Тимош отказывался, благодарил, уверял, что чувствует себя превосходно, но едва добрался до койки, повалился снопом и очнулся только к вечеру.
Агнеса была уже дома. Он узнал ее шаги, шелест ее платья. Потом они о чем-то тихо разговаривали с Александрой Терентьевной. Старуха выговаривала, Агнеса слабо защищалась.
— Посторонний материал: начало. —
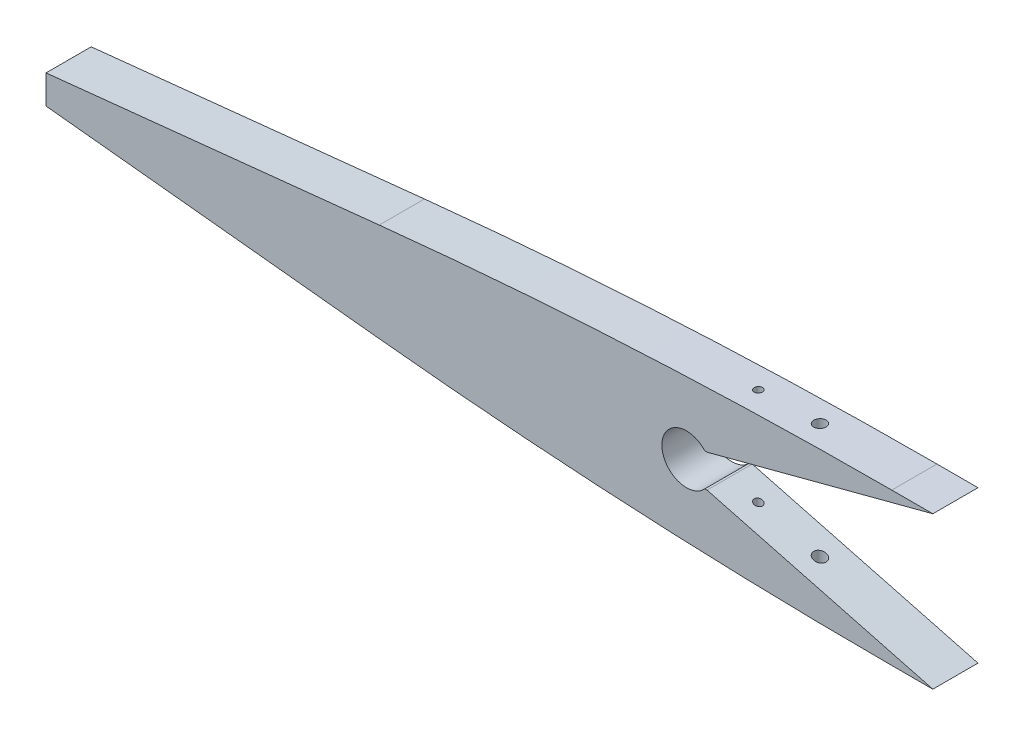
from build123d import *

# Parameters (mm, degrees)
EXTRUDE1_DEPTH          = 5.5
CUT_EXTRUDE1_DEPTH      = 247.755952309
CUT_EXTRUDE1_DEPTH_BACK = 247.755952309
SKETCH2_R               = 1.5
SKETCH2_R_2             = 1


with BuildPart() as part:
    # Sketch1 → Extrude1 (new, symmetric)
    with BuildSketch(Plane.XY):
        with BuildLine():
            Line((-40, 18.5), (-30, 18.5))
            Line((-30, 18.5), (-85, 4))
            Line((-85, 4), (-85.527864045, 4))
            ThreePointArc((-85.527864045, 4), (-96, 0), (-85.527864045, -4))
            Line((-85.527864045, -4), (-85, -4))
            Line((-85, -4), (-30, -18.5))
            Line((-30, -18.5), (-40, -18.5))
            ThreePointArc((-40, -18.5), (-102.498734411, -16.871356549), (-164.827821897, -11.989846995))
            Line((-164.827821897, -11.989846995), (-246, -3.5))
            Line((-246, -3.5), (-246, 3.5))
            Line((-246, 3.5), (-164.827821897, 11.989846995))
            ThreePointArc((-164.827821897, 11.989846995), (-102.498734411, 16.871356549), (-40, 18.5))
        make_face()
    extrude(amount=EXTRUDE1_DEPTH, both=True)

    # Sketch2 → Cut-Extrude1 (cut, two sides: drawn at the far end of the back side and taken through both)
    with BuildSketch(Plane(origin=(0, 0, 0), x_dir=(1, 0, 0), z_dir=(0, 1, 0)).offset(-CUT_EXTRUDE1_DEPTH_BACK)):
        with Locations(Location((-63, 0, 0), (0, 0, 270))):
            Circle(SKETCH2_R)
        with Locations(Location((-78, 0, 0), (0, 0, 270))):
            Circle(SKETCH2_R_2)
    extrude(amount=CUT_EXTRUDE1_DEPTH + CUT_EXTRUDE1_DEPTH_BACK, mode=Mode.SUBTRACT)


solid = part.part

Не желая быть невольным свидетелем чужого разговора, Тимош оделся и вышел в большую комнату.
— А, кузен! — приветствовала его Александра Терентьевна и тотчас встала и вышла.
— Я что хотел спросить, — проговорил, поздоровавшись, Тимош, — Павел скоро вернется?
— Заскучал в нашем обществе?
— Просить хотел, — мне бы на завод…
— На шабалдасовский тебе нельзя, Тимош.
— Мне бы на паровозный.
— Погоди. Обживись. Потолкуем.
— Значит, квартирантом?
— А это зависит от характера. Одни кругом квартиранты, другие всюду хозяева. Все зависит от того, какой у человека характер.
— А я сам не знаю, — рассмеялся Тимош, — всю жизнь по чужим хатам живу, вот и весь характер.
— Ты еще никогда не был в чужой хате, Тимош. Вот что тебе нужно понять, — не повышая голоса, по твердо проговорила девушка и занялась своими тетрадками, затем, отложив тетрадки, встала и заходила по комнате, проговорила, словно продолжая разговор или отвечая па собственные мысли. — А насчет паровозного вот что скажу. Всем нам он люб и дорог. Но люди не только на паровозном нужны. Еще больше
— Понимать — понимаю, да понимать не хочется.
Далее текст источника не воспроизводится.